After spending four years using his real name for records, McHugh decided to relaunch The Beautiful Girls with Dancehall Days.
“I intended to that and not do new Beautiful Girls material, but a lot of people know the Beautiful Girls name,” he says. “They’re the same thing.
“Either way I don’t really mind. I’m just trying to write music and if people get to hear it and like it, I’m not pedantic.
“I usually make the decision in a 24-hour period after I’ve recorded a record. I do it and then decide if I’m going to call it Beautiful Girls or Mat McHugh.”
Away from music the past two years have been among McHugh’s most challenging. In October 2015, just days after a solo show at Lizotte’s, he was hospitalised with a ruptured disc and a chipped bone in his back.
It was a result of long-term damage caused by a motorcycle accident two years earlier that fractured several vertebrate. McHugh refused medical advice to undergo surgery and slowly rebuilt his body through a healthier lifestyle that involved cutting out alcohol, coffee and sugar.

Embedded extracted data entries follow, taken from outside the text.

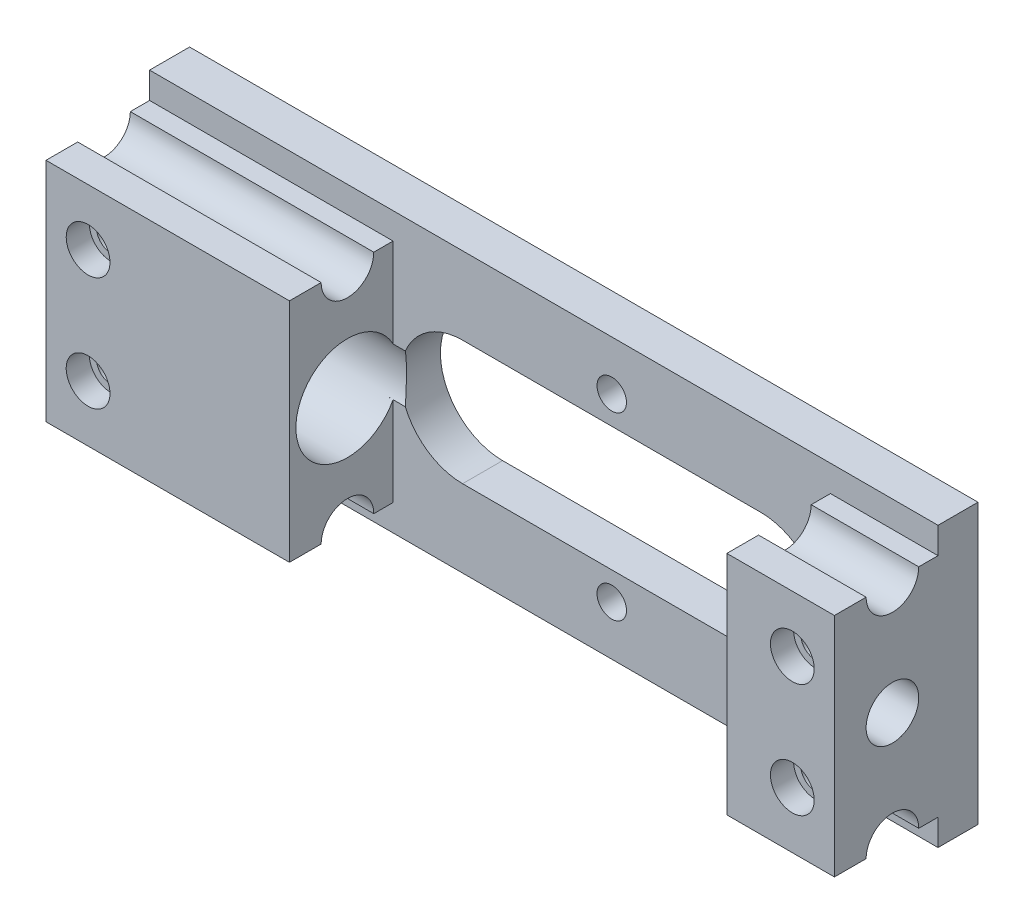
SolidWorks part; units mm, degrees
ref_plane "Front Plane" through (0, 0, 0) normal (0, 0, 1) x (1, 0, 0)
ref_plane "Top Plane" through (0, 0, 0) normal (0, 1, 0) x (1, 0, 0)
ref_plane "Right Plane" through (0, 0, 0) normal (1, 0, 0) x (0, 0, -1)
sketch "Sketch1" plane through (0, 0, 0) normal (0, 0, 1) x (1, 0, 0)
  line L1 (-22.0345, -8.4201) -> (22.0345, -8.4201)
  line L2 (-22.0345, -8.4201) -> (-22.0345, 8.4201)
  line L3 (-22.0345, 8.4201) -> (22.0345, 8.4201)
  line L4 (22.0345, -8.4201) -> (22.0345, 8.4201)
  line L5 (-22.0345, -8.4201) -> (22.0345, 8.4201) construction
  line L6 (-22.0345, 8.4201) -> (22.0345, -8.4201) construction
  point P0 (0, 0)
  dimension "D1" = 44.069
  dimension "D2" = 16.8402
extrude "Boss-Extrude1" add sketch "Sketch1" along normal blind 7.1628
sketch "Sketch2" plane through (0, 0, 7.1628) normal (0, 0, 1) x (1, 0, 0)
  line L0 (-22.0345, 0) -> (22.0345, 0) construction
  line L1 (-10.8458, 8.4201) -> (15.5448, 8.4201)
  line L2 (-10.8458, 8.4201) -> (-10.8458, -8.4201)
  line L3 (-10.8458, -8.4201) -> (15.5448, -8.4201)
  line L4 (15.5448, 8.4201) -> (15.5448, -8.4201)
  line L5 (-22.0345, 8.4201) -> (-22.0345, -8.4201) construction
  line L6 (22.0345, -8.4201) -> (22.0345, 8.4201) construction
  line L7 (-10.8458, 8.4201) -> (-22.0345, 0) construction
  line L8 (-22.0345, 0) -> (-10.8458, -8.4201) construction
  line L9 (2.3495, 8.4201) -> (2.3495, -8.4201) construction
  line L12 (22.0345, 8.4201) -> (-22.0345, 8.4201) construction
  dimension "D1" = 26.3906
  dimension "D2" = 24.384
extrude "Cut-Extrude1" cut sketch "Sketch2" against normal blind 4.75
sketch "Sketch4" plane through (0, 0, 7.1628) normal (0, 0, 1) x (1, 0, 0)
  line L0 (-10.8458, 8.4201) -> (-10.8458, -8.4201) construction
  line L1 (-22.0345, -8.4201) -> (-10.8458, -8.4201)
  line L2 (-22.0345, -8.4201) -> (-22.0345, -6.8326)
  line L3 (-22.0345, -6.8326) -> (-10.8458, -6.8326)
  line L4 (-10.8458, -8.4201) -> (-10.8458, -6.8326)
  line L5 (-22.0345, 0) -> (-10.8458, 0) construction
  line L6 (-22.0345, 8.4201) -> (-22.0345, -8.4201) construction
  line L7 (-10.8458, 8.4201) -> (-10.8458, -8.4201) construction
  line L8 (-10.8458, 8.4201) -> (-10.8458, 6.8326)
  line L9 (-22.0345, 6.8326) -> (-10.8458, 6.8326)
  line L10 (-22.0345, 8.4201) -> (-22.0345, 6.8326)
  line L11 (-22.0345, 8.4201) -> (-10.8458, 8.4201)
  line L12 (22.0345, -8.4201) -> (22.0345, 8.4201) construction
  line L13 (15.5448, -8.4201) -> (22.0345, -8.4201)
  line L14 (15.5448, -8.4201) -> (15.5448, -6.8326)
  line L15 (15.5448, -6.8326) -> (22.0345, -6.8326)
  line L16 (22.0345, -8.4201) -> (22.0345, -6.8326)
  line L17 (15.5448, 6.8326) -> (22.0345, 6.8326)
  line L18 (22.0345, 8.4201) -> (22.0345, 6.8326)
  line L19 (15.5448, 8.4201) -> (22.0345, 8.4201)
  line L20 (15.5448, 8.4201) -> (15.5448, 6.8326)
  dimension "D1" = 1.5875
extrude "Cut-Extrude9" cut sketch "Sketch4" against normal up to surface (4.75 mm away) up to face at (2.3495, 0, 2.4128)
sketch "Sketch5" plane through (-22.0345, 0, 0) normal (-1, 0, 0) x (0, 0, 1)
  line L1 (0, 0) -> (7.1628, 0) construction
  line L2 (0, 8.4201) -> (0, -8.4201) construction
  line L3 (7.1628, 6.8326) -> (7.1628, -6.8326) construction
  circle A0 centre (5.1628, -6.8326) radius 1.5875
  circle A1 centre (5.1628, 6.8326) radius 1.5875
  dimension "D1" = 3.175
  dimension "D2" = 2
extrude "Cut-Extrude10" cut sketch "Sketch5" against normal through all
sketch "Sketch14" plane through (0, 0, 7.1628) normal (0, 0, 1) x (1, 0, 0)
  line L4 (-10.8458, -6.8326) -> (-10.8458, 6.8326)
  line L5 (-10.8458, 6.8326) -> (-22.0345, 6.8326)
  line L6 (-22.0345, 6.8326) -> (-22.0345, -6.8326)
  line L7 (-22.0345, -6.8326) -> (-10.8458, -6.8326)
  line L8 (-10.8458, -6.8326) -> (-10.8458, 6.8326)
  line L9 (-10.8458, 6.8326) -> (-22.0345, 6.8326)
  line L10 (-22.0345, 6.8326) -> (-22.0345, -6.8326)
  line L11 (-22.0345, -6.8326) -> (-10.8458, -6.8326)
  line L12 (22.0345, -6.8326) -> (22.0345, 6.8326)
  line L13 (22.0345, 6.8326) -> (15.5448, 6.8326)
  line L14 (15.5448, 6.8326) -> (15.5448, -6.8326)
  line L15 (15.5448, -6.8326) -> (22.0345, -6.8326)
  line L16 (22.0345, -6.8326) -> (22.0345, 6.8326)
  line L17 (22.0345, 6.8326) -> (15.5448, 6.8326)
  line L18 (15.5448, 6.8326) -> (15.5448, -6.8326)
  line L19 (15.5448, -6.8326) -> (22.0345, -6.8326)
  dimension "D1" = 0
  dimension "D2" = 0
extrude "Boss-Extrude3" add sketch "Sketch14" along normal blind 1.5
sketch "Sketch6" plane through (0, 0, 8.6628) normal (0, 0, 1) x (1, 0, 0)
  line L0 (-22.0345, 0) -> (-10.8458, 0) construction
  line L2 (-10.8458, 6.8326) -> (-10.8458, -6.8326) construction
  line L3 (-22.0345, 6.8326) -> (-22.0345, -6.8326) construction
  circle A0 centre (-14.7955, 3.429) radius 0.889
  circle A1 centre (-14.7955, -3.429) radius 0.889
  circle A2 centre (19.4945, 3.429) radius 0.889
  circle A3 centre (19.4945, -3.429) radius 0.889
  dimension "D1" = 1.778
  dimension "D2" = 6.858
  dimension "D3" = 7.239
  dimension "D4" = 2
extrude "Cut-Extrude11" cut sketch "Sketch6" against normal through all contours A2 | A3 region at (19.4945, 3.429, 8.6628) region at (19.4945, -3.429, 8.6628)
sketch "Sketch7" plane through (0, 0, 8.6628) normal (0, 0, 1) x (1, 0, 0)
  circle A2 centre (19.4945, 3.429) radius 1.3208
  circle A3 centre (19.4945, -3.429) radius 1.3208
extrude "Cut-Extrude12" cut sketch "Sketch7" against normal blind 1.397
sketch "Sketch9" plane through (0, 0, 0) normal (0, 0, -1) x (-1, 0, 0)
  line L0 (22.0345, 8.4201) -> (22.0345, -8.4201) construction
  line L1 (-22.0345, 0) -> (22.0345, 0) construction
  line L2 (-22.0345, -8.4201) -> (-22.0345, 8.4201) construction
  circle A0 centre (-2.3495, 5.4356) radius 0.889
  circle A1 centre (-2.3495, -5.4356) radius 0.889
  dimension "D1" = 1.778
  dimension "D2" = 24.384
  dimension "D3" = 10.8712
extrude "Cut-Extrude13" cut sketch "Sketch9" against normal through all
sketch "Sketch10" plane through (0, 0, 0) normal (0, 0, -1) x (-1, 0, 0)
  line L0 (-22.0345, 0) -> (22.0345, 0) construction
  line L1 (-22.0345, -8.4201) -> (-22.0345, 8.4201) construction
  line L2 (22.0345, 8.4201) -> (22.0345, -8.4201) construction
  circle A0 centre (-2.3495, 5.4356) radius 1.1906
  circle A1 centre (-2.3495, -5.4356) radius 1.1906
  dimension "D1" = 2.3813
extrude "Cut-Extrude14" cut sketch "Sketch10" against normal blind 1
sketch "Sketch11" plane through (0, 0, 0) normal (0, 0, -1) x (-1, 0, 0)
  line L0 (-22.0345, 0) -> (22.0345, 0) construction
  line L1 (-22.0345, -8.4201) -> (-22.0345, 8.4201) construction
  line L2 (22.0345, 8.4201) -> (22.0345, -8.4201) construction
  line L3 (-2.3495, 5.4356) -> (-2.3495, -5.4356) construction
  line L4 (-11.3495, 0) -> (6.6505, 0) construction
  line L5 (-11.3495, 3.75) -> (6.6505, 3.75)
  line L6 (-11.3495, -3.75) -> (6.6505, -3.75)
  arc A0 (-11.3495, 3.75) -> (-11.3495, -3.75) centre (-11.3495, 0) ccw
  arc A1 (6.6505, -3.75) -> (6.6505, 3.75) centre (6.6505, 0) ccw
  point P12 (-2.3495, 0)
  dimension "D1" = 7.5
  dimension "D2" = 18
extrude "Cut-Extrude15" cut sketch "Sketch11" against normal through all
sketch "Sketch12" plane through (-10.8458, 0, 0) normal (1, 0, 0) x (0, 0, -1)
  circle A0 centre (-5.1628, 0) radius 3.1115
  dimension "D1" = 6.223
extrude "Cut-Extrude16" cut sketch "Sketch12" against normal blind 10.922 and the other way up to next
sketch "Sketch15" plane through (-22.0345, 0, 0) normal (-1, 0, 0) x (0, 0, 1)
  line L10 (8.6628, 6.8326) -> (6.7503, 6.8326)
  line L11 (3.5753, 6.8326) -> (2.4128, 6.8326)
  line L12 (2.4128, 6.8326) -> (2.4128, 8.4201)
  line L13 (2.4128, 8.4201) -> (0, 8.4201)
  line L14 (0, 8.4201) -> (0, -8.4201)
  line L15 (0, -8.4201) -> (2.4128, -8.4201)
  line L16 (2.4128, -8.4201) -> (2.4128, -6.8326)
  line L17 (2.4128, -6.8326) -> (3.5753, -6.8326)
  line L18 (6.7503, -6.8326) -> (8.6628, -6.8326)
  line L19 (8.6628, -6.8326) -> (8.6628, 6.8326)
  line L20 (8.6628, 6.8326) -> (6.7503, 6.8326)
  line L21 (3.5753, 6.8326) -> (2.4128, 6.8326)
  line L22 (2.4128, 6.8326) -> (2.4128, 8.4201)
  line L23 (2.4128, 8.4201) -> (0, 8.4201)
  line L24 (0, 8.4201) -> (0, -8.4201)
  line L25 (0, -8.4201) -> (2.4128, -8.4201)
  line L26 (2.4128, -8.4201) -> (2.4128, -6.8326)
  line L27 (2.4128, -6.8326) -> (3.5753, -6.8326)
  line L28 (6.7503, -6.8326) -> (8.6628, -6.8326)
  line L29 (8.6628, -6.8326) -> (8.6628, 6.8326)
  arc A2 (3.5753, 6.8326) -> (6.7503, 6.8326) centre (5.1628, 6.8326) ccw
  arc A3 (6.7503, -6.8326) -> (3.5753, -6.8326) centre (5.1628, -6.8326) ccw
  arc A4 (3.5753, 6.8326) -> (6.7503, 6.8326) centre (5.1628, 6.8326) ccw
  arc A5 (6.7503, -6.8326) -> (3.5753, -6.8326) centre (5.1628, -6.8326) ccw
  dimension "D1" = 0
extrude "Boss-Extrude4" add sketch "Sketch15" along normal blind 3.5
ref_plane "Plane1" through (-1.75, 0, 0) normal (1, 0, 0) x (0, 0, -1)
mirror "Mirror1" about plane through (-1.75, 0, 0) normal (1, 0, 0) of "Cut-Extrude11", "Cut-Extrude12"
sketch "Sketch16" plane through (22.0345, 0, 0) normal (1, 0, 0) x (0, 0, -1)
  circle A0 centre (-5.1628, 0) radius 1.5875
  dimension "D1" = 3.175
extrude "Cut-Extrude17" cut sketch "Sketch16" against normal up to next
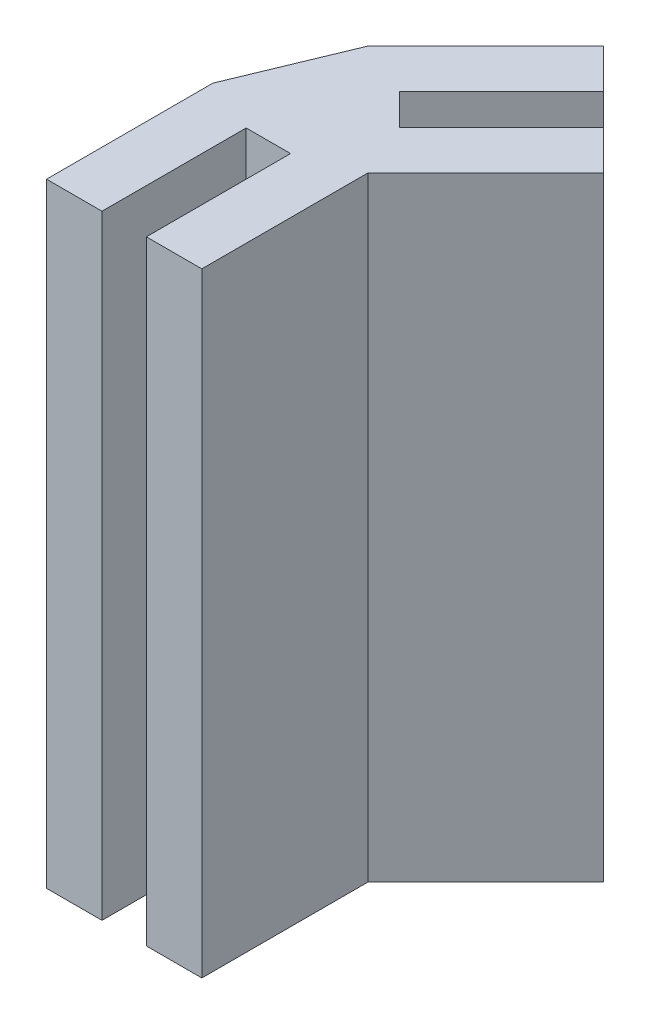
SolidWorks part; units mm, degrees
ref_plane "Front Plane" through (0, 0, 0) normal (0, 0, 1) x (1, 0, 0)
ref_plane "Top Plane" through (0, 0, 0) normal (0, 1, 0) x (1, 0, 0)
ref_plane "Right Plane" through (0, 0, 0) normal (1, 0, 0) x (0, 0, -1)
sketch "Sketch2" plane through (0, 0, 0) normal (0, 1, 0) x (1, 0, 0)
  line L0 (0, 0) -> (0, -15)
  line L1 (0, -15) -> (-5, -15)
  line L2 (-5, -15) -> (-5, -2)
  line L3 (-5, -2) -> (-9, -2)
  line L4 (-9, -2) -> (-9, -15)
  line L5 (-9, -15) -> (-14, -15)
  line L6 (0, 0) -> (-14, 5.799)
  line L7 (-14, -15) -> (-14, 5.799)
extrude "Boss-Extrude1" add sketch "Sketch2" along normal blind 55.3741
ref_plane "Plane1" through (0, 0, 0) normal (0.3827, 0, -0.9239) x (-0.9239, 0, -0.3827)
mirror "Mirror2" about plane through (0, 55.3741, 0) normal (-0.3827, 0, 0.9239) of "Boss-Extrude1"
fillet "Chamfer1" radius 14 1 edges at (-14, 27.687, -5.799) type face fillet profile chamfer first side face at (-6.6464, 27.687, -13.1525) second side face at (-14, 27.687, 4.6005)
ref_axis "Axis1" through (0, 55.3741, 0) along (-0.9239, 0, -0.3827)

“I tried to heal myself and it didn’t feel like there was much healing going on,” he says.
“I had paralysis of the right arm, I couldn’t lift or use it. I was in heavy pain and really struggling and that was the period where I gave all that stuff up.
“So I almost didn’t notice because I was so down a rabbit hole in dealing with this injury that I didn’t really notice the no coffee or anything.
“By the time I was feeling healthier I didn’t miss it at all because it was already out of my system.”
The Beautiful Girls perform at the Cambridge Hotel on January 7.